Lockheed Martin Stock Analysis: Is it a good buy?

In a time when you have some excess cash. And want to find some stable companies to park your funds temporarily, while you hunt for value investments. Then perhaps you can consider our Lockheed Martin stock analysis today.

Well, the company is far from being the best investment opportunity. It is not undervalued at the moment per se. But it offers a strong combination of value and dividend yield, apart from it being a stable and reliable business.

The defense business is something that nations will have to spend. Unlikely it be disrupted to a great extent within a short period of time. It is an investment that you can probably sleep well at night.

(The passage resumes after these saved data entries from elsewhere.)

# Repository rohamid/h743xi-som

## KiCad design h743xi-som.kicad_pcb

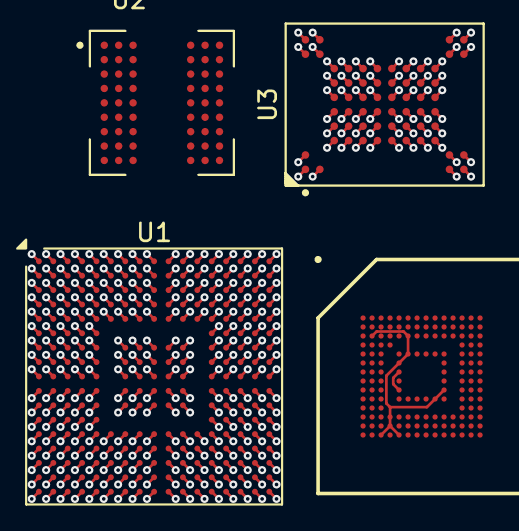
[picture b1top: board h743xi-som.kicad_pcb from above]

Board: 2 copper layers, 4 parts (0 on the bottom side), 3 nets.

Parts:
U1: STM32H743XIH6; TFBGA-265_14x14mm_Layout17x17_P0.8mm
U2: IS42S16160J-6BLI; BGA54C80P9X9_800X800X120
U3: MX30LF1G18AC-XKI; BGA63C80P10X12_900X1100X100N
U4: KLM8G1GETF-B041; BGA153C50P14X14_1150X1300X80

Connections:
+3V3: U1.A6 (VDDLDO), U1.C17 (VDDLDO), U1.E6 (VDD), U1.E9 (VDD), U1.E11 (VDD), U1.F5 (VDD), U1.F17 (VDD33USB), U1.G5 (VDD), U1.G13 (VDD), U1.G17 (VDD50USB), U1.H5 (VDD), U1.H13 (VDD), U1.J13 (VDD), U1.K5 (VDD), U1.K13 (VDD), U1.L1 (VDDA), U1.L5 (VDD), U1.L13 (VDD), U1.M5 (VDD), U1.M13 (VDD), U1.N7 (VDD), U1.N8 (VDD), U1.N10 (VDD), U1.N11 (VDD), U1.N12 (VDD), U1.P17 (VDD), U1.U12 (VDDLDO), U2.A7 (VDDQ), U2.A9 (VDD), U2.B3 (VDDQ), U2.C7 (VDDQ), U2.D3 (VDDQ), U2.E7 (VDD), U2.J9 (VDD), U3.D3 (VCC*), U3.G4 (VCC*), U3.H8 (VCC), U3.J6 (VCC), U4.C2 (VDDI), U4.C6 (VCCQ), U4.E6 (VCC), U4.F5 (VCC), U4.J10 (VCC), U4.K9 (VCC), U4.M4 (VCCQ), U4.N4 (VCCQ), U4.P3 (VCCQ), U4.P5 (VCCQ)
GND: U1.A1 (VSS), U1.A17 (VSS), U1.B2 (VSS), U1.B6 (VSS), U1.C10 (VSS), U1.C13 (VSS), U1.C16 (VSS), U1.F2 (VSS), U1.G7 (VSS), U1.G8 (VSS), U1.G9 (VSS), U1.G10 (VSS), U1.G11 (VSS), U1.G16 (VSS), U1.H7 (VSS), U1.H8 (VSS), U1.H9 (VSS), U1.H10 (VSS), U1.H11 (VSS), U1.J3 (VSS), U1.J7 (VSS), U1.J8 (VSS), U1.J9 (VSS), U1.J10 (VSS), U1.J11 (VSS), U1.J16 (VSS), U1.J17 (VSS), U1.K7 (VSS), U1.K8 (VSS), U1.K9 (VSS), U1.K10 (VSS), U1.K11 (VSS), U1.K15 (VSS), U1.L7 (VSS), U1.L8 (VSS), U1.L9 (VSS), U1.L10 (VSS), U1.L11 (VSS), U1.L15 (VSS), U1.M15 (VSS), U1.N16 (VSS), U1.P1 (VSSA), U1.R4 (VSS), U1.R8 (VSS), U1.T12 (VSS), U1.U1 (VSS), U1.U17 (VSS), U2.A1 (VSS), U2.A3 (VSSQ), U2.B7 (VSSQ), U2.C3 (VSSQ), U2.D7 (VSSQ), U2.E3 (VSS), U2.J1 (VSS), U3.C5 (VSS), U3.F7 (VSS*), U3.K3 (VSS), U3.K8 (VSS), U4.A6 (VSS), U4.C4 (VSS), U4.E7 (VSS), U4.G5 (VSS), U4.H10 (VSS), U4.J5 (VSS), U4.K8 (VSS), U4.N2 (VSS), U4.N5 (VSS), U4.P4 (VSS), U4.P6 (VSS)
unnamed: U1.A7 (VCAP), U1.D17 (VCAP)

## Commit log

2024-05-08 Added my own memory libs, because snapeda or octopart gave me wrong pin library
2024-05-27 Added octospi flash lib
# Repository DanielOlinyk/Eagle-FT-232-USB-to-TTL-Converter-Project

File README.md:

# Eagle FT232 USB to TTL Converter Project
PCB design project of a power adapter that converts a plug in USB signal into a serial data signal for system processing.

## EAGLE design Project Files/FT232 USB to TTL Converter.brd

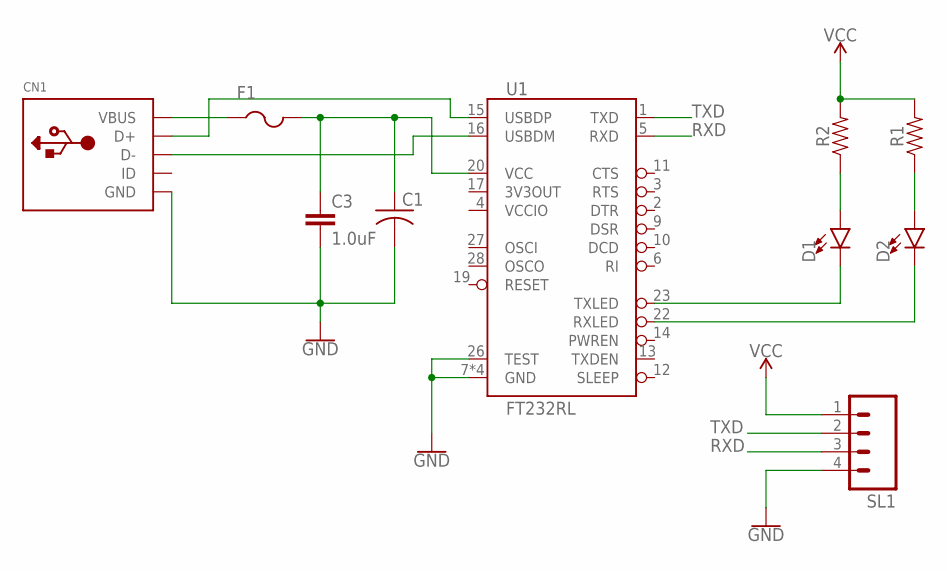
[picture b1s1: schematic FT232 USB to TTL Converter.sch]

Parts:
C1: C-USC1206; C1206
C3: 1.0uF; 1206
CN1: USBMOLEX; USB-MINIB-THM-MOLEX
D1, D2: LED1206; LED-1206
F1: PTCFUSE-1206; R1206
R1, R2: 1206
SL1: M04; 04P
U1: FT232RL; SSOP28DB

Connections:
GND: C1.2, C3.2, CN1.GND, SL1.4, U1.7 (GND), U1.18 (GND), U1.21 (GND), U1.25 (GND), U1.26 (TEST)
unnamed: CN1.VBUS, F1.1
unnamed: C1.1, C3.1, F1.2, U1.20 (VCC)
unnamed: CN1.D+, U1.15 (USBDP)
unnamed: CN1.D-, U1.16 (USBDM)
unnamed: D1.A, R2.1
unnamed: D2.A, R1.1
unnamed: D1.C, U1.23 (TXLED)
unnamed: D2.C, U1.22 (RXLED)
RXD: SL1.3, U1.5 (RXD)
TXD: SL1.2, U1.1 (TXD)
VCC: R1.2, R2.2, SL1.1
VCCIO: U1.4 (VCCIO)

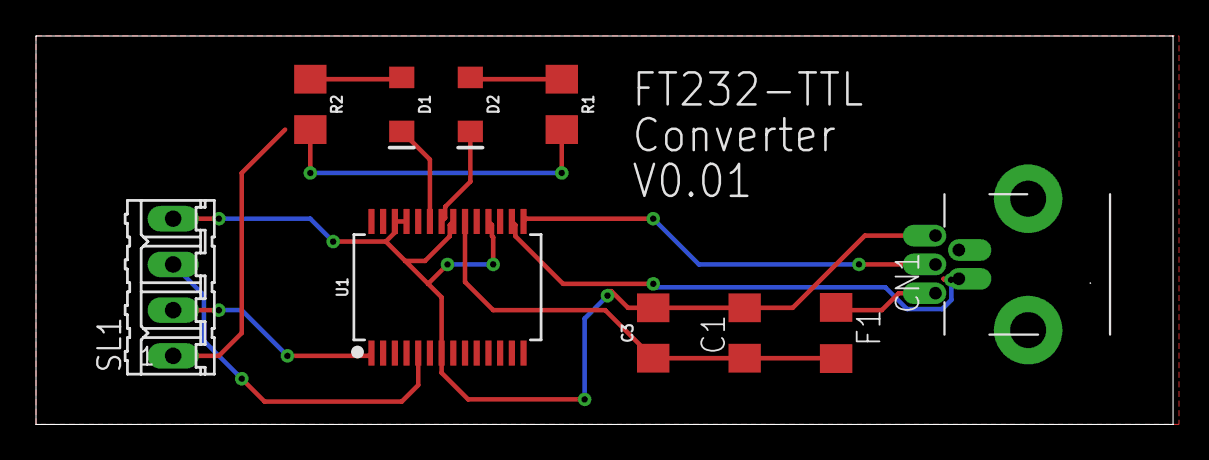
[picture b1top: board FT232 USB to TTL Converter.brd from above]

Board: 2 copper layers, 63.2 x 21.6 mm, 10 parts (0 on the bottom side), 12 nets.

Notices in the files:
parts and their libraries:
SparkFun-Capacitors: Licensing: Creative Commons ShareAlike 4.0 International - https://creativecommons.org/licenses/by-sa/4.0
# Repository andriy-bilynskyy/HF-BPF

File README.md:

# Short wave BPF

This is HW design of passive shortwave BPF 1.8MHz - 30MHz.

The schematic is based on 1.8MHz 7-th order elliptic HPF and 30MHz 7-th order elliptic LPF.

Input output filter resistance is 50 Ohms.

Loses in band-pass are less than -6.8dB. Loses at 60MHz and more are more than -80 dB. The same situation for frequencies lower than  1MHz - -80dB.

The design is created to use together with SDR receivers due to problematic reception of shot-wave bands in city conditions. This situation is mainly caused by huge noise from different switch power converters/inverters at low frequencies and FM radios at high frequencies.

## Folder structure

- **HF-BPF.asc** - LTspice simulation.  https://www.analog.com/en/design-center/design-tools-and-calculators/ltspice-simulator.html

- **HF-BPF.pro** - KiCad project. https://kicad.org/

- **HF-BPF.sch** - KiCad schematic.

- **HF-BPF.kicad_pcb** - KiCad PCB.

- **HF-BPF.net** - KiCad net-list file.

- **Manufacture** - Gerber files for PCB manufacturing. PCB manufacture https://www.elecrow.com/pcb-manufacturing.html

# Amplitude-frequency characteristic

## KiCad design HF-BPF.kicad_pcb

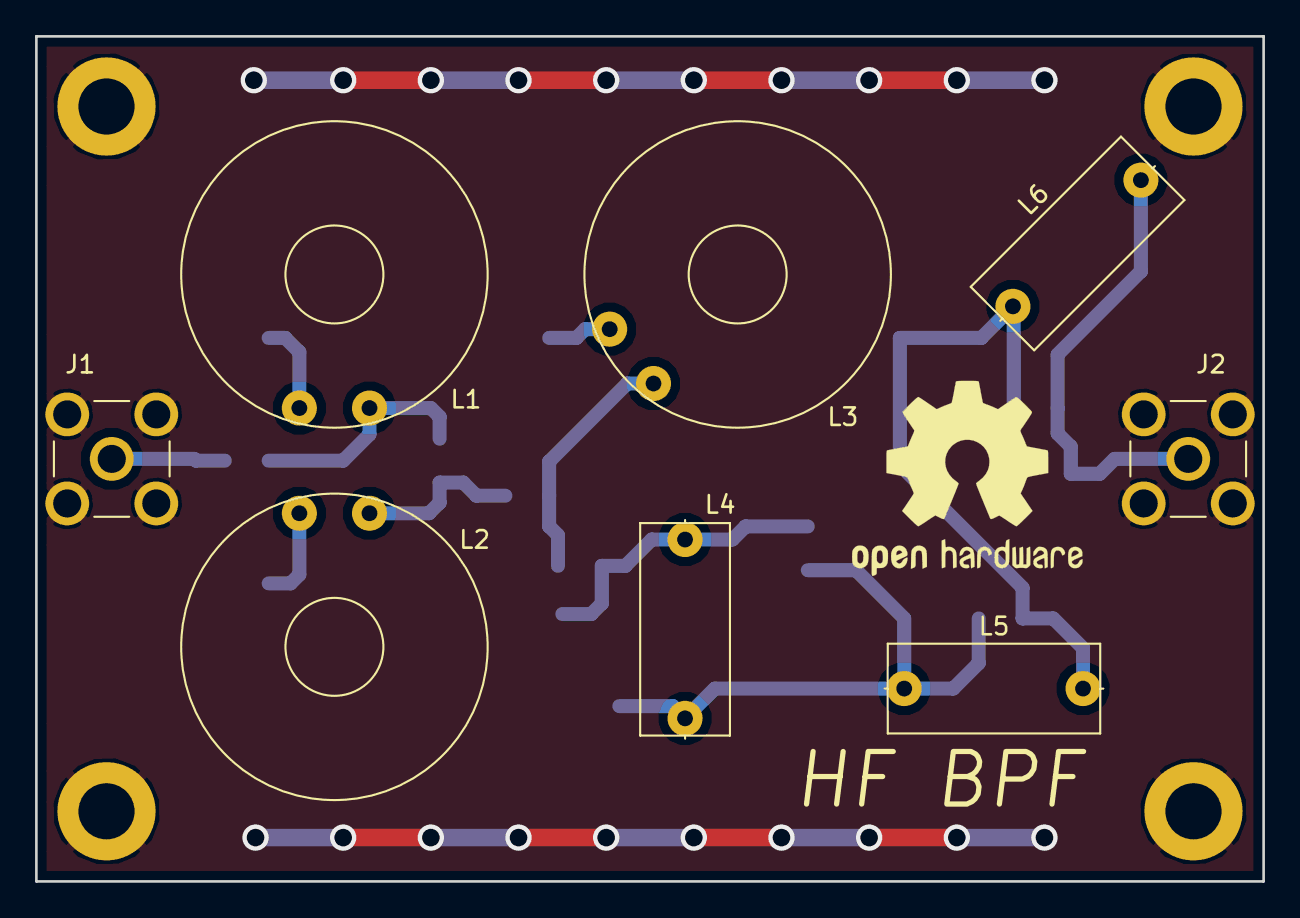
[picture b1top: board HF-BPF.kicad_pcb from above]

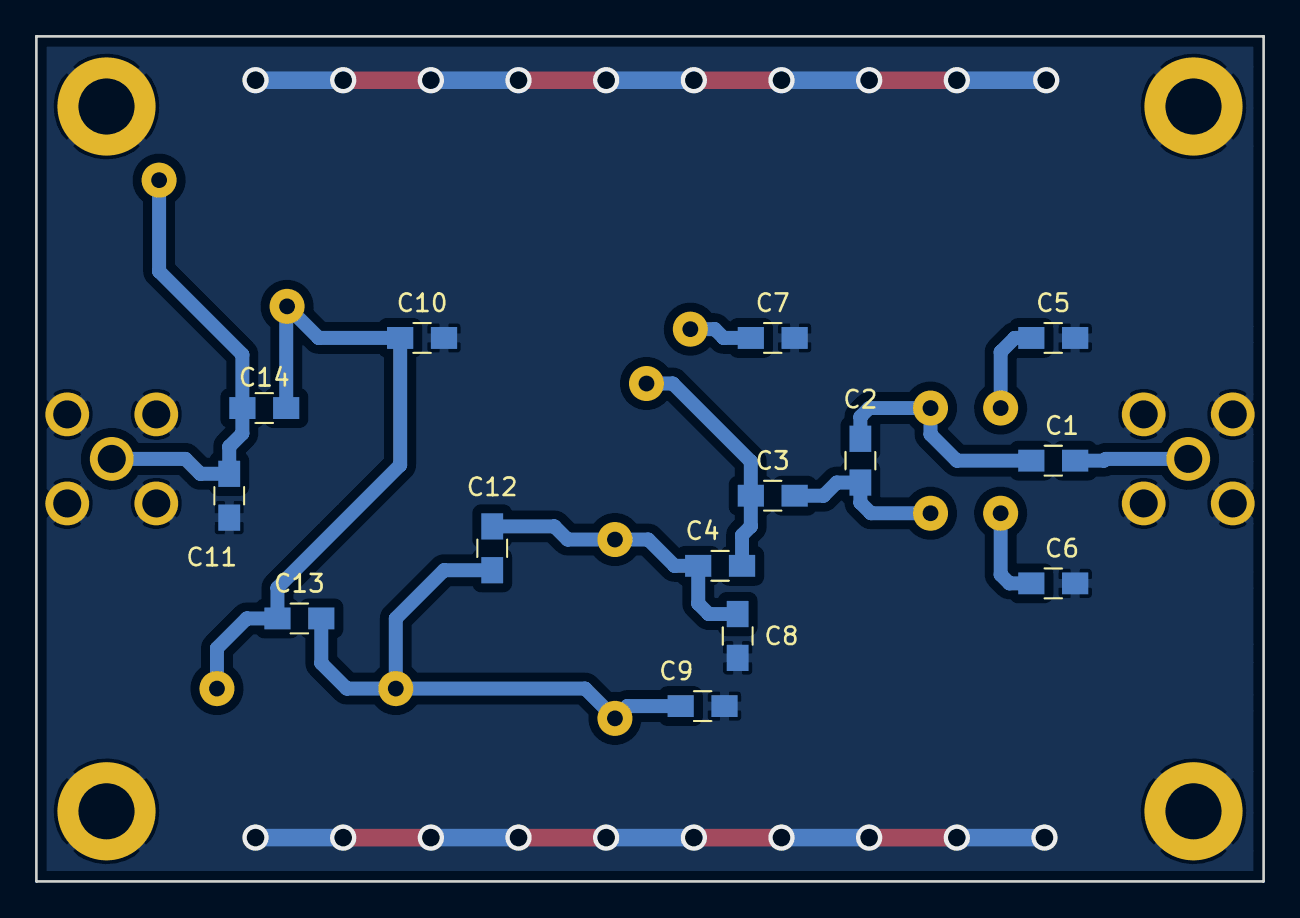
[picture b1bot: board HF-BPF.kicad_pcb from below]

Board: 2 copper layers, 70.0 x 48.2 mm, 22 parts (14 on the bottom side), 12 nets.

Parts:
C1, C4: 2.2nF; C_0805_HandSoldering
C2, C3: 1.5nF; C_0805_HandSoldering
C5: 33nF; C_0805_HandSoldering
C6, C7: 10nF; C_0805_HandSoldering
C8: 82pF; C_0805_HandSoldering
C9: 180pF; C_0805_HandSoldering
C10: 150pF; C_0805_HandSoldering
C11: 68pF; C_0805_HandSoldering
C12: 4.7pF; C_0805_HandSoldering
C13: 22pF; C_0805_HandSoldering
C14: 15pF; C_0805_HandSoldering
J1, J2: SMA-15; SMA_THT_Jack_Straight
L1: 3.2uH; L_Toroid_Horizontal_D17.3mm_P15.24mm_Bourns_2000
L2: 2.5uH; L_Toroid_Horizontal_D17.3mm_P15.24mm_Bourns_2000
L3: 3.6uH; L_Toroid_Horizontal_D17.3mm_P15.24mm_Bourns_2000
L4: 370nH; L_Axial_L12.0mm_D5.0mm_P15.24mm_Horizontal_Fastron_MISC
L5: 380nH; L_Axial_L12.0mm_D5.0mm_P15.24mm_Horizontal_Fastron_MISC
L6: 360nH; L_Axial_L12.0mm_D5.0mm_P15.24mm_Horizontal_Fastron_MISC

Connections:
GND: C5.1, C6.1, C7.1, C8.1, C9.1, C10.1, C11.1, J1.2, J2.2
unnamed: C1.1, C2.2, L1.1
unnamed: C1.2, J1.1
unnamed: C2.1, C3.2, L2.1
unnamed: C3.1, C4.2, L3.1
unnamed: C5.2, L1.2
unnamed: C6.2, L2.2
unnamed: C7.2, L3.2
unnamed: C10.2, C13.1, C14.2, L5.2, L6.1
unnamed: C11.2, C14.1, J2.1, L6.2
unnamed: C9.2, C12.1, C13.2, L4.2, L5.1
unnamed: C4.1, C8.2, C12.2, L4.1

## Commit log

2020-02-11 Initial commit.
    Calculations based on:
    https://vpayaem.ru/information6_2.html
2020-02-11 Add gitingore for generated files.
2020-02-12 Add inductors data.
    Calculations based on:
    https://coil32.net/
2020-02-12 Add PCB artwork.
2020-02-13 Add manufacture files.
2020-02-13 Add License and readme.
2020-02-13 Update readme.
2020-03-08 Update to kicad 5.

Business Overview: Lockheed Martin Stock Analysis

Lockheed Martin is one of the largest defense contractors with more than $100 billion market cap currently.

As a global security and aerospace company, it offers a whole range of products and services including research, design, development, manufacture, integration and sustainment of technology systems.

Lockheed Martin serves both U.S and international customers. However, their principal customers come mainly from the agencies of the U.S government.

In 2020 itself, 74% of the $65.4 billion net sales recorded came from the U.S government. 25% were from international customers (including foreign military contracted through the U.S government). And 1% were from U.S commercial and other customers.

Lockheed Martin Stock Analysis, Net Sales by Segment

Source: Lockheed Martin Annual Report FY2020 / Net Sales by Segments

The company operates in four key business segments: Aeronautics, Missiles and Fire Control (MFC), Rotary and Mission Systems (RMS) and Space. And they made up 40%, 17%, 24% and 18% of the total net sales respectively for FY2020.

We will not go into the details of each business segment. But basically they involve a wide range of specialized technologies and systems in the military context. It may be difficult for outsiders like us to truly comprehend.

Source: F-35 / F-35 Photos

Just to give you some ideas. Its key business include its F-35 program involving in the design, manufacture and deployment of the world’s most advanced fighter jet. In fact, it contributed 69% of Aeronautics segment’s net sales in 2020. In terms of percentage, it represents 28% of the company’s total consolidated net sales for the year.

Apart from offering military aircrafts and related products, the company’s products and services lie in a wide range of areas. They include defense, space, intelligence, homeland security, and information technology, including cybersecurity.

Political Risk and Limited Growth Potential

Lockheed Martin Stock Analysis, Revenue and Net Income

Source: Stockrow Lockheed Martin Corporation / Snapshots – Revenue and Net Income

Well, you can see from the chart that the company’s revenue and net income has been pretty stable. In fact, they have been increasing in a stable fashion over the past decade. That’s a positive point for investors.

However, investing in the defense industry can be a double edged sword. There’s political issues that can complicate the military-related business. Also, there may be limited growth potential for individual defense companies like Lockheed Martin.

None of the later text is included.